Jeremy Clarkson explains why cycling is bad for the environment in five-minute YouTube rant

The TV broadcaster launches into an anti-cycling tirade that includes reference to both avocados and space hoppers

Jeremy Clarkson (Photo by Crowder/Legge/GC Images)

(Image credit: GC Images)

In a five-minute YouTube rant, TV broadcaster Jeremy Clarkson explains why in his view cycling is not only bad for the environment but also causing people from Acton to die of heart attacks.

Speaking on his YouTube channel 'drivetribe', for which he produces content alongside his The Grand Tour co-hosts Richard Hammond and James May, Clarkson shakes his jowls in rage while sitting in Holland Park, London and decrying the apparent plan to pull trees down in order to build a cycle lane.

>>> ‘It’s dressed up prejudice’: Chris Boardman criticises Channel 5 show that asks if cyclists are the scourge of the streets

"These are trees that the Mayor of London wants to pull down to make way for a cycle lane. The man is obviously deranged, you can't pull trees down so you can cycle," Clarkson says.

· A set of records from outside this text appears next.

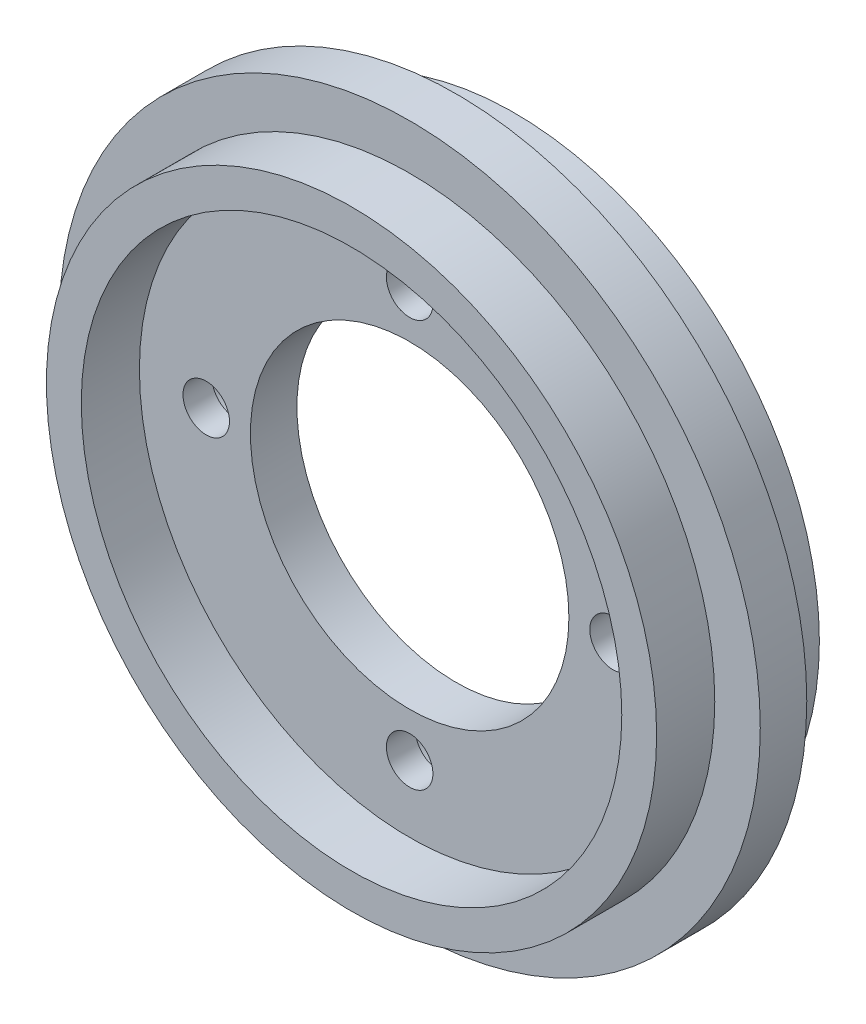
ISO-10303-21;
HEADER;
FILE_DESCRIPTION(('STEP AP214'),'2;1');
FILE_NAME('part.step','',(''),(''),'','','');
FILE_SCHEMA(('AUTOMOTIVE_DESIGN { 1 0 10303 214 1 1 1 1 }'));
ENDSEC;
DATA;
#1=APPLICATION_CONTEXT('core data for automotive mechanical design processes');
#2=APPLICATION_PROTOCOL_DEFINITION('international standard','automotive_design',2000,#1);
#3=PRODUCT_CONTEXT('',#1,'mechanical');
#4=PRODUCT('Part','Part','',(#3));
#5=PRODUCT_RELATED_PRODUCT_CATEGORY('part','',(#4));
#6=PRODUCT_DEFINITION_FORMATION('','',#4);
#7=PRODUCT_DEFINITION_CONTEXT('part definition',#1,'design');
#8=PRODUCT_DEFINITION('design','',#6,#7);
#9=PRODUCT_DEFINITION_SHAPE('','',#8);
#10=(LENGTH_UNIT() NAMED_UNIT(*) SI_UNIT(.MILLI.,.METRE.));
#11=(NAMED_UNIT(*) PLANE_ANGLE_UNIT() SI_UNIT($,.RADIAN.));
#12=(NAMED_UNIT(*) SI_UNIT($,.STERADIAN.) SOLID_ANGLE_UNIT());
#13=UNCERTAINTY_MEASURE_WITH_UNIT(LENGTH_MEASURE(1.E-05),#10,'distance_accuracy_value','');
#14=(GEOMETRIC_REPRESENTATION_CONTEXT(3) GLOBAL_UNCERTAINTY_ASSIGNED_CONTEXT((#13)) GLOBAL_UNIT_ASSIGNED_CONTEXT((#10,
#11,#12)) REPRESENTATION_CONTEXT('',''));
#15=CARTESIAN_POINT('',(0.,0.,0.));
#16=DIRECTION('',(0.,0.,1.));
#17=DIRECTION('',(1.,0.,0.));
#18=AXIS2_PLACEMENT_3D('',#15,#16,#17);
#19=CARTESIAN_POINT('',(0.,0.,-2.));
#20=DIRECTION('',(0.,0.,1.));
#21=DIRECTION('',(1.,0.,0.));
#22=AXIS2_PLACEMENT_3D('',#19,#20,#21);
#23=PLANE('',#22);
#24=CARTESIAN_POINT('',(0.,0.,-2.));
#25=DIRECTION('',(0.,0.,1.));
#26=DIRECTION('',(1.,0.,0.));
#27=AXIS2_PLACEMENT_3D('',#24,#25,#26);
#28=CIRCLE('',#27,13.7);
#29=CARTESIAN_POINT('',(13.7,0.,-2.));
#30=VERTEX_POINT('',#29);
#31=EDGE_CURVE('E51',#30,#30,#28,.T.);
#32=ORIENTED_EDGE('',*,*,#31,.T.);
#33=EDGE_LOOP('',(#32));
#34=FACE_BOUND('',#33,.T.);
#35=CARTESIAN_POINT('',(0.,-17.5,-2.));
#36=DIRECTION('',(0.,0.,-1.));
#37=DIRECTION('',(-1.,0.,0.));
#38=AXIS2_PLACEMENT_3D('',#35,#36,#37);
#39=CIRCLE('',#38,3.5);
#40=CARTESIAN_POINT('',(-3.5,-17.5,-2.));
#41=VERTEX_POINT('',#40);
#42=EDGE_CURVE('E98',#41,#41,#39,.T.);
#43=ORIENTED_EDGE('',*,*,#42,.F.);
#44=EDGE_LOOP('',(#43));
#45=FACE_BOUND('',#44,.T.);
#46=CARTESIAN_POINT('',(17.5,0.,-2.));
#47=DIRECTION('',(0.,0.,-1.));
#48=DIRECTION('',(-1.,0.,0.));
#49=AXIS2_PLACEMENT_3D('',#46,#47,#48);
#50=CIRCLE('',#49,3.5);
#51=CARTESIAN_POINT('',(14.,0.,-2.));
#52=VERTEX_POINT('',#51);
#53=EDGE_CURVE('E105',#52,#52,#50,.T.);
#54=ORIENTED_EDGE('',*,*,#53,.F.);
#55=EDGE_LOOP('',(#54));
#56=FACE_BOUND('',#55,.T.);
#57=CARTESIAN_POINT('',(-17.5,0.,-2.));
#58=DIRECTION('',(0.,0.,-1.));
#59=DIRECTION('',(-1.,0.,0.));
#60=AXIS2_PLACEMENT_3D('',#57,#58,#59);
#61=CIRCLE('',#60,3.5);
#62=CARTESIAN_POINT('',(-21.,0.,-2.));
#63=VERTEX_POINT('',#62);
#64=EDGE_CURVE('E111',#63,#63,#61,.T.);
#65=ORIENTED_EDGE('',*,*,#64,.F.);
#66=EDGE_LOOP('',(#65));
#67=FACE_BOUND('',#66,.T.);
#68=CARTESIAN_POINT('',(0.,17.5,-2.));
#69=DIRECTION('',(0.,0.,-1.));
#70=DIRECTION('',(-1.,0.,0.));
#71=AXIS2_PLACEMENT_3D('',#68,#69,#70);
#72=CIRCLE('',#71,3.5);
#73=CARTESIAN_POINT('',(-3.5,17.5,-2.));
#74=VERTEX_POINT('',#73);
#75=EDGE_CURVE('E117',#74,#74,#72,.T.);
#76=ORIENTED_EDGE('',*,*,#75,.F.);
#77=EDGE_LOOP('',(#76));
#78=FACE_BOUND('',#77,.T.);
#79=CARTESIAN_POINT('',(0.,0.,-2.));
#80=DIRECTION('',(0.,0.,1.));
#81=DIRECTION('',(1.,0.,0.));
#82=AXIS2_PLACEMENT_3D('',#79,#80,#81);
#83=CIRCLE('',#82,23.25);
#84=CARTESIAN_POINT('',(23.25,0.,-2.));
#85=VERTEX_POINT('',#84);
#86=EDGE_CURVE('E10',#85,#85,#83,.T.);
#87=ORIENTED_EDGE('',*,*,#86,.F.);
#88=EDGE_LOOP('',(#87));
#89=FACE_BOUND('',#88,.T.);
#90=ADVANCED_FACE('F35',(#34,#45,#56,#67,#78,#89),#23,.F.);
#91=CARTESIAN_POINT('',(0.,17.5,-2.));
#92=DIRECTION('',(0.,0.,1.));
#93=DIRECTION('',(1.,0.,0.));
#94=AXIS2_PLACEMENT_3D('',#91,#92,#93);
#95=CYLINDRICAL_SURFACE('',#94,2.);
#96=CARTESIAN_POINT('',(0.,17.5,2.));
#97=DIRECTION('',(0.,0.,1.));
#98=DIRECTION('',(1.,0.,0.));
#99=AXIS2_PLACEMENT_3D('',#96,#97,#98);
#100=CIRCLE('',#99,2.);
#101=CARTESIAN_POINT('',(2.,17.5,2.));
#102=VERTEX_POINT('',#101);
#103=EDGE_CURVE('E66',#102,#102,#100,.T.);
#104=ORIENTED_EDGE('',*,*,#103,.T.);
#105=EDGE_LOOP('',(#104));
#106=FACE_BOUND('',#105,.T.);
#107=CARTESIAN_POINT('',(0.,17.5,-0.5));
#108=DIRECTION('',(0.,0.,-1.));
#109=DIRECTION('',(-1.,0.,0.));
#110=AXIS2_PLACEMENT_3D('',#107,#108,#109);
#111=CIRCLE('',#110,2.);
#112=CARTESIAN_POINT('',(-2.,17.5,-0.5));
#113=VERTEX_POINT('',#112);
#114=EDGE_CURVE('E86',#113,#113,#111,.F.);
#115=ORIENTED_EDGE('',*,*,#114,.F.);
#116=EDGE_LOOP('',(#115));
#117=FACE_BOUND('',#116,.T.);
#118=ADVANCED_FACE('F143',(#106,#117),#95,.F.);
#119=CARTESIAN_POINT('',(17.5,0.,-2.));
#120=DIRECTION('',(0.,0.,1.));
#121=DIRECTION('',(1.,0.,0.));
#122=AXIS2_PLACEMENT_3D('',#119,#120,#121);
#123=CYLINDRICAL_SURFACE('',#122,2.);
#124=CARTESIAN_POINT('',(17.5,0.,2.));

"I know that cycle lanes are now seen as the single most important thing in the world by all those lunatics with five hardened bananas on their head and a little GoPro but they're not."

He then goes on to explain how a cycle lane on a main road into London had caused a traffic jam that had held up an ambulance, and not the other cars all causing the congestion.

"I was just coming into London on the A40, they've taken one of the lanes away to make a cycle lane, massive traffic jam resulting from it and stuck in it is an ambulance," Clarkson said. "Someone is dying from a heart attack in Acton, ambulance can't get there in time because they're building a cycle lane. We live in absurd times."

He then goes on to explain how if you eat an avocado after cycling in to work, you'd be doing less damage by driving a truck into work and then not eating an avocado...yeah we're not sure on this one either.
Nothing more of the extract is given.